> _What you need to do_:
Scan the records below for the word "Outputs". Copy each line where it appears.

── Dataset entries

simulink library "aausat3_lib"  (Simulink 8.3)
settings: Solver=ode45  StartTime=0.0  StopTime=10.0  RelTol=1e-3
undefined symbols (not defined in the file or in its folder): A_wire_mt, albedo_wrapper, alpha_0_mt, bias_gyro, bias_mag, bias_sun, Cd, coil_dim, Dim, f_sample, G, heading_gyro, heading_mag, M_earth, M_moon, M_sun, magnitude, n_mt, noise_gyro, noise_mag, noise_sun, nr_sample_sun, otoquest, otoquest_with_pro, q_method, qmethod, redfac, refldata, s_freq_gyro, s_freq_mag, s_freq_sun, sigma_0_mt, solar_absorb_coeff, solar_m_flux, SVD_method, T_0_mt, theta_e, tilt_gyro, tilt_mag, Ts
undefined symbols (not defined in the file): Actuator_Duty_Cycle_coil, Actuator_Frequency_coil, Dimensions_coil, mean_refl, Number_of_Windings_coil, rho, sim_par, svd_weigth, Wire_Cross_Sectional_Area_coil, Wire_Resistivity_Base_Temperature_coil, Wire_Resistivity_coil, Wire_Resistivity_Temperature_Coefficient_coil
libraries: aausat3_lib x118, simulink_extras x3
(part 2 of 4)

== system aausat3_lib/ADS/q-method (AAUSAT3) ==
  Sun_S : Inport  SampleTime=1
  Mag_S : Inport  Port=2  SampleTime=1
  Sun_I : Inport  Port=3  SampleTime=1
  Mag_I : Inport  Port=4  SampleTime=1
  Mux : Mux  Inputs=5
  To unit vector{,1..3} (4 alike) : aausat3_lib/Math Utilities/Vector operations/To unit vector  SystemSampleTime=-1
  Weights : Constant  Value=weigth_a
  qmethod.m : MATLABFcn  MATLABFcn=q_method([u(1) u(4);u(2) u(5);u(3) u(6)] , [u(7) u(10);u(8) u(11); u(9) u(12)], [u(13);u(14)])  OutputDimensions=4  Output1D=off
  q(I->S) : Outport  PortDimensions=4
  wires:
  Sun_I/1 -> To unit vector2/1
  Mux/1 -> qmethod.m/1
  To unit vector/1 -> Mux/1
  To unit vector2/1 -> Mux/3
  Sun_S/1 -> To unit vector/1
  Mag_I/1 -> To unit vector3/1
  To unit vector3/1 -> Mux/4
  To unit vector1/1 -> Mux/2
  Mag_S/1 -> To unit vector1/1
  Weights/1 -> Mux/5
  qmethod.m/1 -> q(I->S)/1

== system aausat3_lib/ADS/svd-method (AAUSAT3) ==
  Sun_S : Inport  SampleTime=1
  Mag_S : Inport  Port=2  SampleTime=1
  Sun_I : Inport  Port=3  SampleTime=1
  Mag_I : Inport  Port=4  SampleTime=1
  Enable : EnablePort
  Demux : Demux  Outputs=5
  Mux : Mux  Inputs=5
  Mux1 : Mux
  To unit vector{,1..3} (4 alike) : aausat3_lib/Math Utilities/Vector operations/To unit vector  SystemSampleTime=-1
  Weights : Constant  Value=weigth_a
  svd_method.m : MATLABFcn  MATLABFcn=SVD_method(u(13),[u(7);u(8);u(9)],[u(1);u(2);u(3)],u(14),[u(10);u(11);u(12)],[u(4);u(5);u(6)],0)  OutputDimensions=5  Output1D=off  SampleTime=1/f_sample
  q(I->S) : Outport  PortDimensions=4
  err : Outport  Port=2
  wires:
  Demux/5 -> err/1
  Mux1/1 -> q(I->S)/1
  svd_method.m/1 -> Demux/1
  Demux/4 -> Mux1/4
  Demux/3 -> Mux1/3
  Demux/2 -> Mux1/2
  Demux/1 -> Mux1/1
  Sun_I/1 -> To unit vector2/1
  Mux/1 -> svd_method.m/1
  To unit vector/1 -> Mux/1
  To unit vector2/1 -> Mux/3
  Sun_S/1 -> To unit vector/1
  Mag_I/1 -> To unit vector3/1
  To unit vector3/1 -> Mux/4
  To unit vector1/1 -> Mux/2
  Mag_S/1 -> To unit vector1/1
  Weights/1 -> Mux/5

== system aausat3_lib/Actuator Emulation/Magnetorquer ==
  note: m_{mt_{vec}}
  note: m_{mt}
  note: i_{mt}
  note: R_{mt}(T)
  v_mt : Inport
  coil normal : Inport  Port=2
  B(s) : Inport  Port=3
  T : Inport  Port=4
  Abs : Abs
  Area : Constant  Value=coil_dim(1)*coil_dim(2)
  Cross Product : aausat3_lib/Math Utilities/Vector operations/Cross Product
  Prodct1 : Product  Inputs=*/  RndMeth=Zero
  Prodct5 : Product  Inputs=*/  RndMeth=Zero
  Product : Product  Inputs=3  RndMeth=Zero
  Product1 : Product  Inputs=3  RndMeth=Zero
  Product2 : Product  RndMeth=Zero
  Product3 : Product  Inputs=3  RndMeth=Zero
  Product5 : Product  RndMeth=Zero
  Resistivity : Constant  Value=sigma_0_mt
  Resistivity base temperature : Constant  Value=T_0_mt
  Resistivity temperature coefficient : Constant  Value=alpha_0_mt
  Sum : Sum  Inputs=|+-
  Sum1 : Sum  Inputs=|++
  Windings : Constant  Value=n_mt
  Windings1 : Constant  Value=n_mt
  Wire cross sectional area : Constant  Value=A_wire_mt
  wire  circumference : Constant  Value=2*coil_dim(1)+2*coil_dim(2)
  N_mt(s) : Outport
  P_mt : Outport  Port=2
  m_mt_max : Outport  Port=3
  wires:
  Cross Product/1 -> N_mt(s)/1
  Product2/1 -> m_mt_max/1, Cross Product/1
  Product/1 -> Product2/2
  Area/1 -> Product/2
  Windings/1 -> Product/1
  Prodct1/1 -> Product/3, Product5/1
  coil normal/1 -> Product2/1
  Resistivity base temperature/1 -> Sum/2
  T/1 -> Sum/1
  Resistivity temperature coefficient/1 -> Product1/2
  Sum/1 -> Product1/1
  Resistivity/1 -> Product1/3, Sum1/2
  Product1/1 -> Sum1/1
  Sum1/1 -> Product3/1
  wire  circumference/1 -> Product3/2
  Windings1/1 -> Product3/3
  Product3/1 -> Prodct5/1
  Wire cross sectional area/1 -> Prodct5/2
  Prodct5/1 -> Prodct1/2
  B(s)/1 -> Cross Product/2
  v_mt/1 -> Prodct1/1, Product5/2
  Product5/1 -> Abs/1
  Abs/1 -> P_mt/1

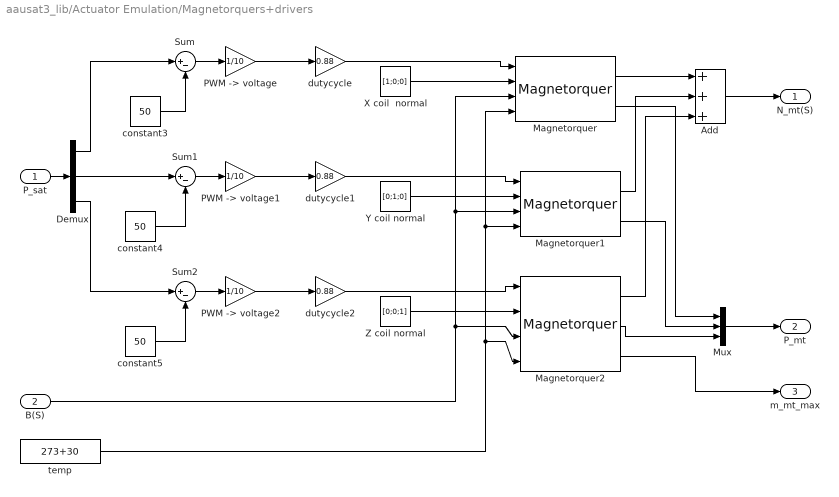
== system aausat3_lib/Actuator Emulation/Magnetorquers+drivers ==
  P_sat : Inport
  B(S) : Inport  Port=2
  Add : Sum  Inputs=+++
  Demux : Demux  Outputs=3
  Magnetorquer : aausat3_lib/Actuator Emulation/Magnetorquer  SystemSampleTime=-1  coil_dim=coil_dim  n_mt=n_mt  A_wire_mt=A_wire_mt  sigma_0_mt=sigma_0_mt  alpha_0_mt=alpha_0_mt  T_0_mt=T_0_mt
  Magnetorquer1 : aausat3_lib/Actuator Emulation/Magnetorquer  SystemSampleTime=-1  coil_dim=coil_dim  n_mt=n_mt  A_wire_mt=A_wire_mt  sigma_0_mt=sigma_0_mt  alpha_0_mt=alpha_0_mt  T_0_mt=T_0_mt
  Magnetorquer2 : aausat3_lib/Actuator Emulation/Magnetorquer  SystemSampleTime=-1  coil_dim=coil_dim  n_mt=n_mt  A_wire_mt=A_wire_mt  sigma_0_mt=sigma_0_mt  alpha_0_mt=alpha_0_mt  T_0_mt=T_0_mt
  Mux : Mux  Inputs=3
  "PWM -> voltage" : Gain  Gain=1/10
  "PWM -> voltage1" : Gain  Gain=1/10
  "PWM -> voltage2" : Gain  Gain=1/10
  Sum : Sum  Inputs=|+-
  Sum1 : Sum  Inputs=|+-
  Sum2 : Sum  Inputs=|+-
  X coil  normal : Constant  Value=[1;0;0]
  Y coil normal : Constant  Value=[0;1;0]
  Z coil normal : Constant  Value=[0;0;1]
  constant3 : Constant  Value=50
  constant4 : Constant  Value=50
  constant5 : Constant  Value=50
  dutycycle : Gain  Gain=0.88
  dutycycle1 : Gain  Gain=0.88
  dutycycle2 : Gain  Gain=0.88
  temp : Constant  Value=273+30
  N_mt(S) : Outport  PortDimensions=3
  P_mt : Outport  Port=2  PortDimensions=3
  m_mt_max : Outport  Port=3
  wires:
  Magnetorquer2/3 -> m_mt_max/1
  "PWM -> voltage2"/1 -> dutycycle2/1
  "PWM -> voltage1"/1 -> dutycycle1/1
  "PWM -> voltage"/1 -> dutycycle/1
  temp/1 -> Magnetorquer/4, Magnetorquer1/4, Magnetorquer2/4
  B(S)/1 -> Magnetorquer/3, Magnetorquer1/3, Magnetorquer2/3
  Z coil normal/1 -> Magnetorquer2/2
  Y coil normal/1 -> Magnetorquer1/2
  Magnetorquer2/1 -> Add/3
  Magnetorquer1/1 -> Add/2
  Magnetorquer/1 -> Add/1
  X coil  normal/1 -> Magnetorquer/2
  Add/1 -> N_mt(S)/1
  Magnetorquer/2 -> Mux/1
  Magnetorquer1/2 -> Mux/2
  Magnetorquer2/2 -> Mux/3
  Mux/1 -> P_mt/1
  dutycycle/1 -> Magnetorquer/1
  dutycycle1/1 -> Magnetorquer1/1
  dutycycle2/1 -> Magnetorquer2/1
  P_sat/1 -> Demux/1
  Demux/2 -> Sum1/1
  Demux/1 -> Sum/1
  Demux/3 -> Sum2/1
  Sum/1 -> "PWM -> voltage"/1
  constant3/1 -> Sum/2
  Sum1/1 -> "PWM -> voltage1"/1
  constant4/1 -> Sum1/2
  Sum2/1 -> "PWM -> voltage2"/1
  constant5/1 -> Sum2/2

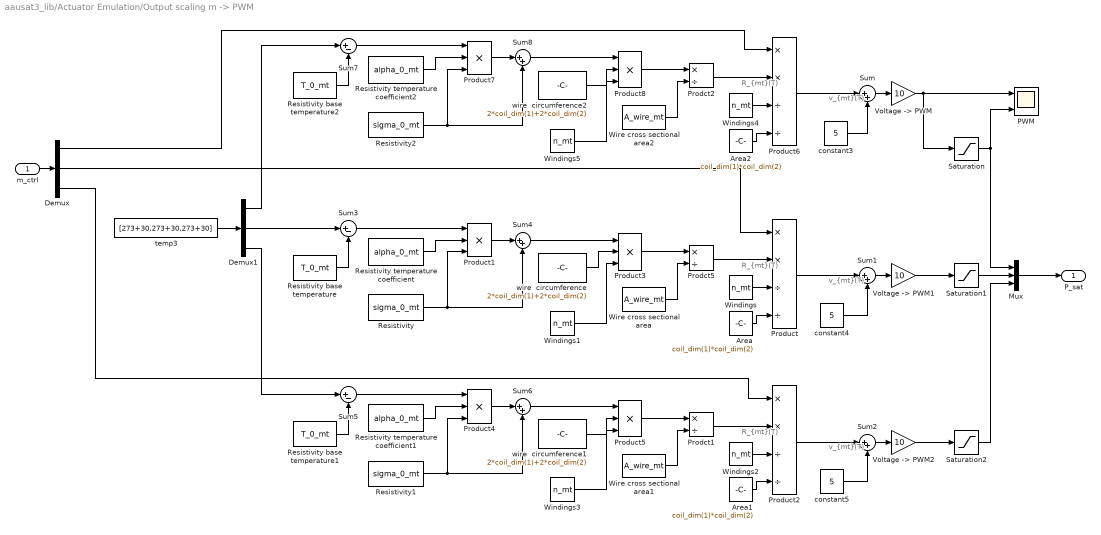
== system aausat3_lib/Actuator Emulation/Output scaling m -> PWM ==
  note: R_{mt}(T)
  note: R_{mt}(T)
  note: R_{mt}(T)
  note: v_{mt}(T)
  note: v_{mt}(T)
  note: v_{mt}(T)
  m_ctrl : Inport
  Area : Constant  Value=coil_dim(1)*coil_dim(2)
  Area1 : Constant  Value=coil_dim(1)*coil_dim(2)
  Area2 : Constant  Value=coil_dim(1)*coil_dim(2)
  Demux : Demux  Outputs=3
  Demux1 : Demux  Outputs=3
  Mux : Mux  Inputs=3
  PWM : Scope  NumInputPorts=2
      settings: TimeRange=5000  YMin=37.5~37.5  YMax=67.5~62.5  SaveName=ScopeData4  SampleInput=on
  Prodct1 : Product  Inputs=*/  RndMeth=Zero
  Prodct2 : Product  Inputs=*/  RndMeth=Zero
  Prodct5 : Product  Inputs=*/  RndMeth=Zero
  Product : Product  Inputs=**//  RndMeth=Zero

────

> _Solution for this task_:
  Demux : Demux  Outputs=5
  Demux : Demux  Outputs=3
  Demux : Demux  Outputs=3
  Demux1 : Demux  Outputs=3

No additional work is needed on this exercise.